TASK OBJECTIVE: From the first line of the data down to the line bearing "#12=(NAMED_UNIT(*) SI_UNIT($,.STERADIAN.) SOLID_ANGLE_UNIT());", output every line exactly and include no pictures.

(Data extracted from a collection)
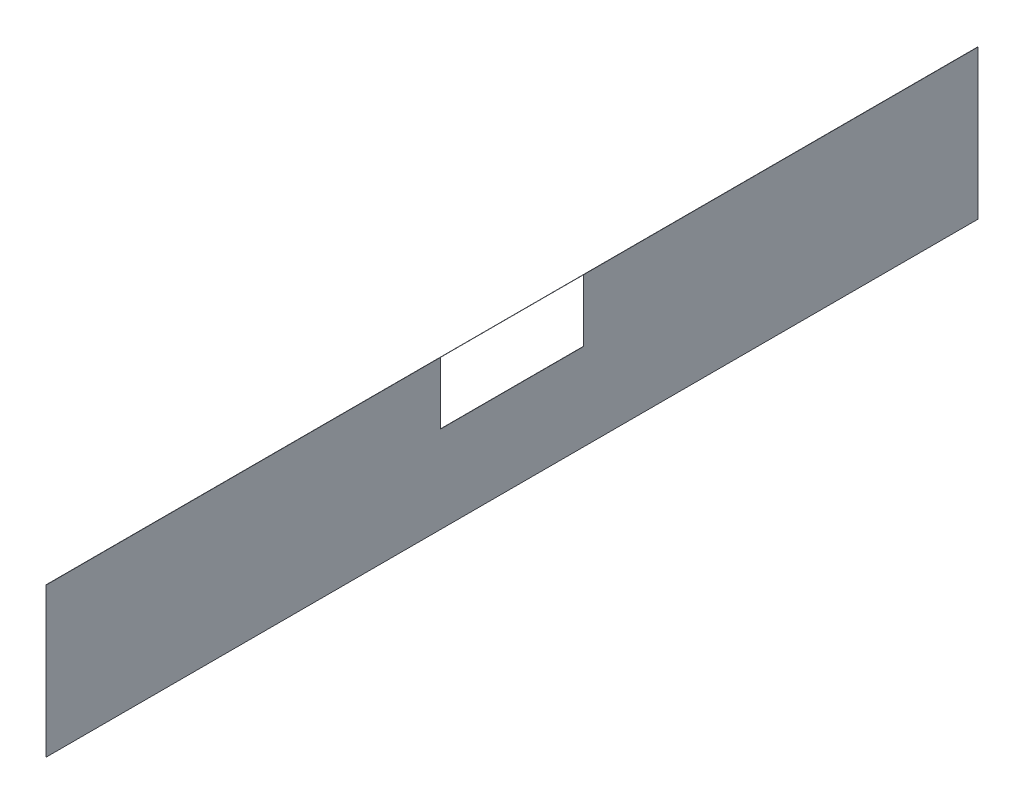
ISO-10303-21;
HEADER;
FILE_DESCRIPTION(('STEP AP214'),'2;1');
FILE_NAME('part.step','',(''),(''),'','','');
FILE_SCHEMA(('AUTOMOTIVE_DESIGN { 1 0 10303 214 1 1 1 1 }'));
ENDSEC;
DATA;
#1=APPLICATION_CONTEXT('core data for automotive mechanical design processes');
#2=APPLICATION_PROTOCOL_DEFINITION('international standard','automotive_design',2000,#1);
#3=PRODUCT_CONTEXT('',#1,'mechanical');
#4=PRODUCT('Part','Part','',(#3));
#5=PRODUCT_RELATED_PRODUCT_CATEGORY('part','',(#4));
#6=PRODUCT_DEFINITION_FORMATION('','',#4);
#7=PRODUCT_DEFINITION_CONTEXT('part definition',#1,'design');
#8=PRODUCT_DEFINITION('design','',#6,#7);
#9=PRODUCT_DEFINITION_SHAPE('','',#8);
#10=(LENGTH_UNIT() NAMED_UNIT(*) SI_UNIT(.MILLI.,.METRE.));
#11=(NAMED_UNIT(*) PLANE_ANGLE_UNIT() SI_UNIT($,.RADIAN.));
#12=(NAMED_UNIT(*) SI_UNIT($,.STERADIAN.) SOLID_ANGLE_UNIT());
#13=UNCERTAINTY_MEASURE_WITH_UNIT(LENGTH_MEASURE(1.E-05),#10,'distance_accuracy_value','');
#14=(GEOMETRIC_REPRESENTATION_CONTEXT(3) GLOBAL_UNCERTAINTY_ASSIGNED_CONTEXT((#13)) GLOBAL_UNIT_ASSIGNED_CONTEXT((#10,
#11,#12)) REPRESENTATION_CONTEXT('',''));
#15=CARTESIAN_POINT('',(0.,0.,0.));
#16=DIRECTION('',(0.,0.,1.));
#17=DIRECTION('',(1.,0.,0.));
#18=AXIS2_PLACEMENT_3D('',#15,#16,#17);
#19=CARTESIAN_POINT('',(-124.187199999927,60.0000000000481,-149.999999999981));
#20=DIRECTION('',(-2.36582975430166E-11,0.,1.));
#21=DIRECTION('',(1.,0.,2.36582975430166E-11));
#22=AXIS2_PLACEMENT_3D('',#19,#20,#21);
#23=PLANE('',#22);
#24=DIRECTION('',(5.91464377475148E-11,-1.,0.));
#25=VECTOR('',#24,1.);
#26=CARTESIAN_POINT('',(-124.110999999927,60.0000000000526,-149.999999999979));
#27=LINE('',#26,#25);
#28=CARTESIAN_POINT('',(-124.110999999928,60.0100000000526,-149.999999999979));
#29=VERTEX_POINT('',#28);
#30=CARTESIAN_POINT('',(-124.110999997088,12.0000000000526,-149.999999999979));
#31=VERTEX_POINT('',#30);
#32=EDGE_CURVE('E144',#29,#31,#27,.T.);
#33=ORIENTED_EDGE('',*,*,#32,.T.);
#34=DIRECTION('',(1.,5.82867087929999E-11,2.36582975432498E-11));
#35=VECTOR('',#34,1.);
#36=CARTESIAN_POINT('',(-134.110999997026,11.9999999994697,-150.000000000216));
#37=LINE('',#36,#35);
#38=CARTESIAN_POINT('',(-124.187199994928,12.0000000000482,-149.999999999981));
#39=VERTEX_POINT('',#38);
#40=EDGE_CURVE('E136',#39,#31,#37,.T.);
#41=ORIENTED_EDGE('',*,*,#40,.F.);
#42=DIRECTION('',(5.82867087928029E-11,-1.,5.55111512312408E-12));
#43=VECTOR('',#42,1.);
#44=CARTESIAN_POINT('',(-124.187199999928,60.0100000000481,-149.999999999981));
#45=LINE('',#44,#43);
#46=CARTESIAN_POINT('',(-124.187199999928,60.0100000000481,-149.999999999981));
#47=VERTEX_POINT('',#46);
#48=EDGE_CURVE('E145',#47,#39,#45,.T.);
#49=ORIENTED_EDGE('',*,*,#48,.F.);
#50=DIRECTION('',(1.,5.9146407457357E-11,2.36582975430166E-11));
#51=VECTOR('',#50,1.);
#52=CARTESIAN_POINT('',(-124.187199999928,60.0100000000481,-149.999999999981));
#53=LINE('',#52,#51);
#54=EDGE_CURVE('E153',#47,#29,#53,.T.);
#55=ORIENTED_EDGE('',*,*,#54,.T.);
#56=EDGE_LOOP('',(#33,#41,#49,#55));
#57=FACE_BOUND('',#56,.T.);
#58=ADVANCED_FACE('F43',(#57),#23,.F.);
#59=CARTESIAN_POINT('',(-124.187200007025,60.0000000000481,150.000000000019));
#60=DIRECTION('',(2.36582975431807E-11,-2.77555756018308E-12,-1.));
#61=DIRECTION('',(-1.,0.,-2.36582975431807E-11));
#62=AXIS2_PLACEMENT_3D('',#59,#60,#61);
#63=PLANE('',#62);
#64=DIRECTION('',(-5.91464377475148E-11,1.,0.));
#65=VECTOR('',#64,1.);
#66=CARTESIAN_POINT('',(-124.187200007025,60.0000000000481,150.000000000019));
#67=LINE('',#66,#65);
#68=CARTESIAN_POINT('',(-124.187200000575,12.0000000000481,150.000000000019));
#69=VERTEX_POINT('',#68);
#70=CARTESIAN_POINT('',(-124.187200007025,60.0100000000481,150.000000000019));
#71=VERTEX_POINT('',#70);
#72=EDGE_CURVE('E148',#69,#71,#67,.T.);
#73=ORIENTED_EDGE('',*,*,#72,.F.);
#74=DIRECTION('',(1.,5.82867087929999E-11,2.36582975432498E-11));
#75=VECTOR('',#74,1.);
#76=CARTESIAN_POINT('',(-134.111000004124,11.9999999994697,149.999999999785));
#77=LINE('',#76,#75);
#78=CARTESIAN_POINT('',(-124.111000004124,12.0000000000526,150.000000000021));
#79=VERTEX_POINT('',#78);
#80=EDGE_CURVE('E137',#69,#79,#77,.T.);
#81=ORIENTED_EDGE('',*,*,#80,.T.);
#82=DIRECTION('',(-5.82867087928029E-11,1.,-2.77555756156204E-12));
#83=VECTOR('',#82,1.);
#84=CARTESIAN_POINT('',(-124.111000007025,60.0000000000526,150.000000000021));
#85=LINE('',#84,#83);
#86=CARTESIAN_POINT('',(-124.111000007025,60.0100000000526,150.000000000021));
#87=VERTEX_POINT('',#86);
#88=EDGE_CURVE('E156',#79,#87,#85,.T.);
#89=ORIENTED_EDGE('',*,*,#88,.T.);
#90=DIRECTION('',(1.,5.9146407457357E-11,2.36582975430166E-11));
#91=VECTOR('',#90,1.);
#92=CARTESIAN_POINT('',(-124.187200007025,60.0100000000481,150.000000000019));
#93=LINE('',#92,#91);
#94=EDGE_CURVE('E162',#71,#87,#93,.T.);
#95=ORIENTED_EDGE('',*,*,#94,.F.);
#96=EDGE_LOOP('',(#73,#81,#89,#95));
#97=FACE_BOUND('',#96,.T.);
#98=ADVANCED_FACE('F189',(#97),#63,.F.);
#99=CARTESIAN_POINT('',(-124.187200007025,60.0100000000481,150.000000000019));
#100=DIRECTION('',(5.9146407457357E-11,-1.,0.));
#101=DIRECTION('',(1.,5.9146407457357E-11,0.));
#102=AXIS2_PLACEMENT_3D('',#99,#100,#101);
#103=PLANE('',#102);
#104=DIRECTION('',(2.36582975432498E-11,0.,-1.));
#105=VECTOR('',#104,1.);
#106=CARTESIAN_POINT('',(-124.111000007025,60.0100000000526,150.000000000021));
#107=LINE('',#106,#105);
#108=EDGE_CURVE('E149',#87,#29,#107,.T.);
#109=ORIENTED_EDGE('',*,*,#108,.T.);
#110=ORIENTED_EDGE('',*,*,#54,.F.);
#111=DIRECTION('',(2.36582975432498E-11,0.,-1.));
#112=VECTOR('',#111,1.);
#113=CARTESIAN_POINT('',(-124.187200007025,60.0100000000481,150.000000000019));
#114=LINE('',#113,#112);
#115=EDGE_CURVE('E151',#71,#47,#114,.T.);
#116=ORIENTED_EDGE('',*,*,#115,.F.);
#117=ORIENTED_EDGE('',*,*,#94,.T.);
#118=EDGE_LOOP('',(#109,#110,#116,#117));
#119=FACE_BOUND('',#118,.T.);
#120=ADVANCED_FACE('F195',(#119),#103,.F.);
#121=CARTESIAN_POINT('',(-124.187199999875,-7.23852867124085E-09,-2.9380577286601E-09));
#122=DIRECTION('',(1.,5.82867087929342E-11,2.36582975432498E-11));
#123=DIRECTION('',(-5.82867087929342E-11,1.,0.));
#124=AXIS2_PLACEMENT_3D('',#121,#122,#123);
#125=PLANE('',#124);
#126=DIRECTION('',(-5.82867087928208E-11,1.,0.));
#127=VECTOR('',#126,1.);
#128=CARTESIAN_POINT('',(-124.187200002751,40.0009999926549,22.9999999970619));
#129=LINE('',#128,#127);
#130=CARTESIAN_POINT('',(-124.187200002751,40.0009999926549,22.9999999970619));
#131=VERTEX_POINT('',#130);
#132=CARTESIAN_POINT('',(-124.187200003917,60.0009999926548,22.9999999970619));
#133=VERTEX_POINT('',#132);
#134=EDGE_CURVE('E118',#131,#133,#129,.T.);
#135=ORIENTED_EDGE('',*,*,#134,.F.);
#136=DIRECTION('',(-2.36583096108914E-11,0.,1.));
#137=VECTOR('',#136,1.);
#138=CARTESIAN_POINT('',(-124.187200001663,40.0009999926548,-23.000000002938));
#139=LINE('',#138,#137);
#140=CARTESIAN_POINT('',(-124.187200001663,40.0009999926548,-23.000000002938));
#141=VERTEX_POINT('',#140);
#142=EDGE_CURVE('E57',#141,#131,#139,.T.);
#143=ORIENTED_EDGE('',*,*,#142,.F.);
#144=DIRECTION('',(5.82867087928207E-11,-1.,0.));
#145=VECTOR('',#144,1.);
#146=CARTESIAN_POINT('',(-124.187200002829,60.0009999926548,-23.0000000029381));
#147=LINE('',#146,#145);
#148=CARTESIAN_POINT('',(-124.187200002829,60.0009999926548,-23.0000000029381));
#149=VERTEX_POINT('',#148);
#150=EDGE_CURVE('E125',#149,#141,#147,.T.);
#151=ORIENTED_EDGE('',*,*,#150,.F.);
#152=DIRECTION('',(2.36583096108914E-11,0.,-1.));
#153=VECTOR('',#152,1.);
#154=CARTESIAN_POINT('',(-124.187200002829,60.0009999926548,-23.0000000029381));
#155=LINE('',#154,#153);
#156=EDGE_CURVE('E109',#133,#149,#155,.T.);
#157=ORIENTED_EDGE('',*,*,#156,.F.);
#158=EDGE_LOOP('',(#135,#143,#151,#157));
#159=FACE_BOUND('',#158,.T.);
#160=ORIENTED_EDGE('',*,*,#48,.T.);
#161=DIRECTION('',(-2.36582975432498E-11,0.,1.));
#162=VECTOR('',#161,1.);
#163=CARTESIAN_POINT('',(-124.187200000575,12.0000000000482,-2.93805627150893E-09));
#164=LINE('',#163,#162);
#165=EDGE_CURVE('E140',#39,#69,#164,.T.);
#166=ORIENTED_EDGE('',*,*,#165,.T.);
#167=ORIENTED_EDGE('',*,*,#72,.T.);
#168=ORIENTED_EDGE('',*,*,#115,.T.);
#169=EDGE_LOOP('',(#160,#166,#167,#168));
#170=FACE_BOUND('',#169,.T.);
#171=ADVANCED_FACE('F122',(#159,#170),#125,.F.);
#172=CARTESIAN_POINT('',(-124.110999999875,-7.2340217149926E-09,-2.93625496638733E-09));
#173=DIRECTION('',(1.,5.82867087929342E-11,2.36582975432498E-11));
#174=DIRECTION('',(-5.82867087929342E-11,1.,0.));
#175=AXIS2_PLACEMENT_3D('',#172,#173,#174);
#176=PLANE('',#175);
#177=DIRECTION('',(2.36582975432498E-11,0.,-1.));
#178=VECTOR('',#177,1.);
#179=CARTESIAN_POINT('',(-124.111000002207,40.0009999926593,-2.93627306835738E-09));
#180=LINE('',#179,#178);
#181=CARTESIAN_POINT('',(-124.111000003334,40.0009999926593,22.9999999970637));
#182=VERTEX_POINT('',#181);
#183=CARTESIAN_POINT('',(-124.111000002246,40.0009999926593,-23.0000000029362));
#184=VERTEX_POINT('',#183);
#185=EDGE_CURVE('E11',#182,#184,#180,.T.);
#186=ORIENTED_EDGE('',*,*,#185,.F.);
#187=DIRECTION('',(5.82867087929342E-11,-1.,0.));
#188=VECTOR('',#187,1.);
#189=CARTESIAN_POINT('',(-124.11100000042,-7.23401772516032E-09,22.9999999970637));
#190=LINE('',#189,#188);
#191=CARTESIAN_POINT('',(-124.111000003917,60.0009999932377,22.9999999970637));
#192=VERTEX_POINT('',#191);
#193=EDGE_CURVE('E165',#192,#182,#190,.T.);
#194=ORIENTED_EDGE('',*,*,#193,.F.);
#195=DIRECTION('',(-2.36582975432498E-11,0.,1.));
#196=VECTOR('',#195,1.);
#197=CARTESIAN_POINT('',(-124.111000003373,60.0009999926593,-2.93625496647007E-09));
#198=LINE('',#197,#196);
#199=CARTESIAN_POINT('',(-124.111000003373,60.0009999926593,-23.0000000029363));
#200=VERTEX_POINT('',#199);
#201=EDGE_CURVE('E112',#200,#192,#198,.T.);
#202=ORIENTED_EDGE('',*,*,#201,.F.);
#203=DIRECTION('',(-5.82867087929342E-11,1.,0.));
#204=VECTOR('',#203,1.);
#205=CARTESIAN_POINT('',(-124.110999999331,-7.23402570482488E-09,-23.0000000029362));
#206=LINE('',#205,#204);
#207=EDGE_CURVE('E50',#184,#200,#206,.T.);
#208=ORIENTED_EDGE('',*,*,#207,.F.);
#209=EDGE_LOOP('',(#186,#194,#202,#208));
#210=FACE_BOUND('',#209,.T.);
#211=DIRECTION('',(-2.36582975432498E-11,0.,1.));
#212=VECTOR('',#211,1.);
#213=CARTESIAN_POINT('',(-124.111000004124,12.0000000000526,150.000000000021));
#214=LINE('',#213,#212);
#215=EDGE_CURVE('E132',#31,#79,#214,.T.);
#216=ORIENTED_EDGE('',*,*,#215,.F.);
#217=ORIENTED_EDGE('',*,*,#32,.F.);
#218=ORIENTED_EDGE('',*,*,#108,.F.);
#219=ORIENTED_EDGE('',*,*,#88,.F.);
#220=EDGE_LOOP('',(#216,#217,#218,#219));
#221=FACE_BOUND('',#220,.T.);
#222=ADVANCED_FACE('F173',(#210,#221),#176,.T.);
#223=CARTESIAN_POINT('',(-134.111000004124,11.9999999994697,149.999999999785));
#224=DIRECTION('',(-5.82867087929999E-11,1.,0.));
#225=DIRECTION('',(-1.,-5.82867087929999E-11,0.));
#226=AXIS2_PLACEMENT_3D('',#223,#224,#225);
#227=PLANE('',#226);
#228=ORIENTED_EDGE('',*,*,#40,.T.);
#229=ORIENTED_EDGE('',*,*,#215,.T.);
#230=ORIENTED_EDGE('',*,*,#80,.F.);
#231=ORIENTED_EDGE('',*,*,#165,.F.);
#232=EDGE_LOOP('',(#228,#229,#230,#231));
#233=FACE_BOUND('',#232,.T.);
#234=ADVANCED_FACE('F177',(#233),#227,.F.);
#235=CARTESIAN_POINT('',(-114.187200001663,40.0009999932377,-23.0000000027015));
#236=DIRECTION('',(5.82867087929999E-11,-1.,0.));
#237=DIRECTION('',(1.,5.82867087929999E-11,0.));
#238=AXIS2_PLACEMENT_3D('',#235,#236,#237);
#239=PLANE('',#238);
#240=ORIENTED_EDGE('',*,*,#185,.T.);
#241=DIRECTION('',(-1.,-5.82867087929999E-11,-2.36582975432498E-11));
#242=VECTOR('',#241,1.);
#243=CARTESIAN_POINT('',(-114.187200001663,40.0009999932377,-23.0000000027015));
#244=LINE('',#243,#242);
#245=EDGE_CURVE('E130',#184,#141,#244,.T.);
#246=ORIENTED_EDGE('',*,*,#245,.T.);
#247=ORIENTED_EDGE('',*,*,#142,.T.);
#248=DIRECTION('',(-1.,-5.82867087929999E-11,-2.36582975432498E-11));
#249=VECTOR('',#248,1.);
#250=CARTESIAN_POINT('',(-114.187200002751,40.0009999932377,22.9999999972985));
#251=LINE('',#250,#249);
#252=EDGE_CURVE('E115',#182,#131,#251,.T.);
#253=ORIENTED_EDGE('',*,*,#252,.F.);
#254=EDGE_LOOP('',(#240,#246,#247,#253));
#255=FACE_BOUND('',#254,.T.);
#256=ADVANCED_FACE('F175',(#255),#239,.F.);
#257=CARTESIAN_POINT('',(-114.187200002829,60.0009999932377,-23.0000000027015));
#258=DIRECTION('',(2.36582975432498E-11,0.,-1.));
#259=DIRECTION('',(-1.,0.,-2.36582975432498E-11));
#260=AXIS2_PLACEMENT_3D('',#257,#258,#259);
#261=PLANE('',#260);
#262=ORIENTED_EDGE('',*,*,#207,.T.);
#263=DIRECTION('',(-1.,-5.82867087929999E-11,-2.36582975432498E-11));
#264=VECTOR('',#263,1.);
#265=CARTESIAN_POINT('',(-114.187200002829,60.0009999932377,-23.0000000027015));
#266=LINE('',#265,#264);
#267=EDGE_CURVE('E114',#200,#149,#266,.T.);
#268=ORIENTED_EDGE('',*,*,#267,.T.);
#269=ORIENTED_EDGE('',*,*,#150,.T.);
#270=ORIENTED_EDGE('',*,*,#245,.F.);
#271=EDGE_LOOP('',(#262,#268,#269,#270));
#272=FACE_BOUND('',#271,.T.);
#273=ADVANCED_FACE('F170',(#272),#261,.F.);
#274=CARTESIAN_POINT('',(-114.187200002829,60.0009999932377,-23.0000000027015));
#275=DIRECTION('',(-5.82867087929999E-11,1.,0.));
#276=DIRECTION('',(-1.,-5.82867087929999E-11,0.));
#277=AXIS2_PLACEMENT_3D('',#274,#275,#276);
#278=PLANE('',#277);
#279=ORIENTED_EDGE('',*,*,#201,.T.);
#280=DIRECTION('',(-1.,-5.82867087929999E-11,-2.36582975432498E-11));
#281=VECTOR('',#280,1.);
#282=CARTESIAN_POINT('',(-114.187200003917,60.0009999932377,22.9999999972985));
#283=LINE('',#282,#281);
#284=EDGE_CURVE('E65',#192,#133,#283,.T.);
#285=ORIENTED_EDGE('',*,*,#284,.T.);
#286=ORIENTED_EDGE('',*,*,#156,.T.);
#287=ORIENTED_EDGE('',*,*,#267,.F.);
#288=EDGE_LOOP('',(#279,#285,#286,#287));
#289=FACE_BOUND('',#288,.T.);
#290=ADVANCED_FACE('F106',(#289),#278,.F.);
#291=CARTESIAN_POINT('',(-114.187200002751,40.0009999932377,22.9999999972985));
#292=DIRECTION('',(-2.36582975432498E-11,0.,1.));
#293=DIRECTION('',(1.,0.,2.36582975432498E-11));
#294=AXIS2_PLACEMENT_3D('',#291,#292,#293);
#295=PLANE('',#294);
#296=ORIENTED_EDGE('',*,*,#193,.T.);
#297=ORIENTED_EDGE('',*,*,#252,.T.);
#298=ORIENTED_EDGE('',*,*,#134,.T.);
#299=ORIENTED_EDGE('',*,*,#284,.F.);
#300=EDGE_LOOP('',(#296,#297,#298,#299));
#301=FACE_BOUND('',#300,.T.);
#302=ADVANCED_FACE('F119',(#301),#295,.F.);
#303=CLOSED_SHELL('',(#58,#98,#120,#171,#222,#234,#256,#273,#290,#302));
#304=MANIFOLD_SOLID_BREP('B2',#303);
#305=ADVANCED_BREP_SHAPE_REPRESENTATION('',(#18,#304),#14);
#306=SHAPE_DEFINITION_REPRESENTATION(#9,#305);
ENDSEC;
END-ISO-10303-21;

RESULT:
ISO-10303-21;
HEADER;
FILE_DESCRIPTION(('STEP AP214'),'2;1');
FILE_NAME('part.step','',(''),(''),'','','');
FILE_SCHEMA(('AUTOMOTIVE_DESIGN { 1 0 10303 214 1 1 1 1 }'));
ENDSEC;
DATA;
#1=APPLICATION_CONTEXT('core data for automotive mechanical design processes');
#2=APPLICATION_PROTOCOL_DEFINITION('international standard','automotive_design',2000,#1);
#3=PRODUCT_CONTEXT('',#1,'mechanical');
#4=PRODUCT('Part','Part','',(#3));
#5=PRODUCT_RELATED_PRODUCT_CATEGORY('part','',(#4));
#6=PRODUCT_DEFINITION_FORMATION('','',#4);
#7=PRODUCT_DEFINITION_CONTEXT('part definition',#1,'design');
#8=PRODUCT_DEFINITION('design','',#6,#7);
#9=PRODUCT_DEFINITION_SHAPE('','',#8);
#10=(LENGTH_UNIT() NAMED_UNIT(*) SI_UNIT(.MILLI.,.METRE.));
#11=(NAMED_UNIT(*) PLANE_ANGLE_UNIT() SI_UNIT($,.RADIAN.));
#12=(NAMED_UNIT(*) SI_UNIT($,.STERADIAN.) SOLID_ANGLE_UNIT());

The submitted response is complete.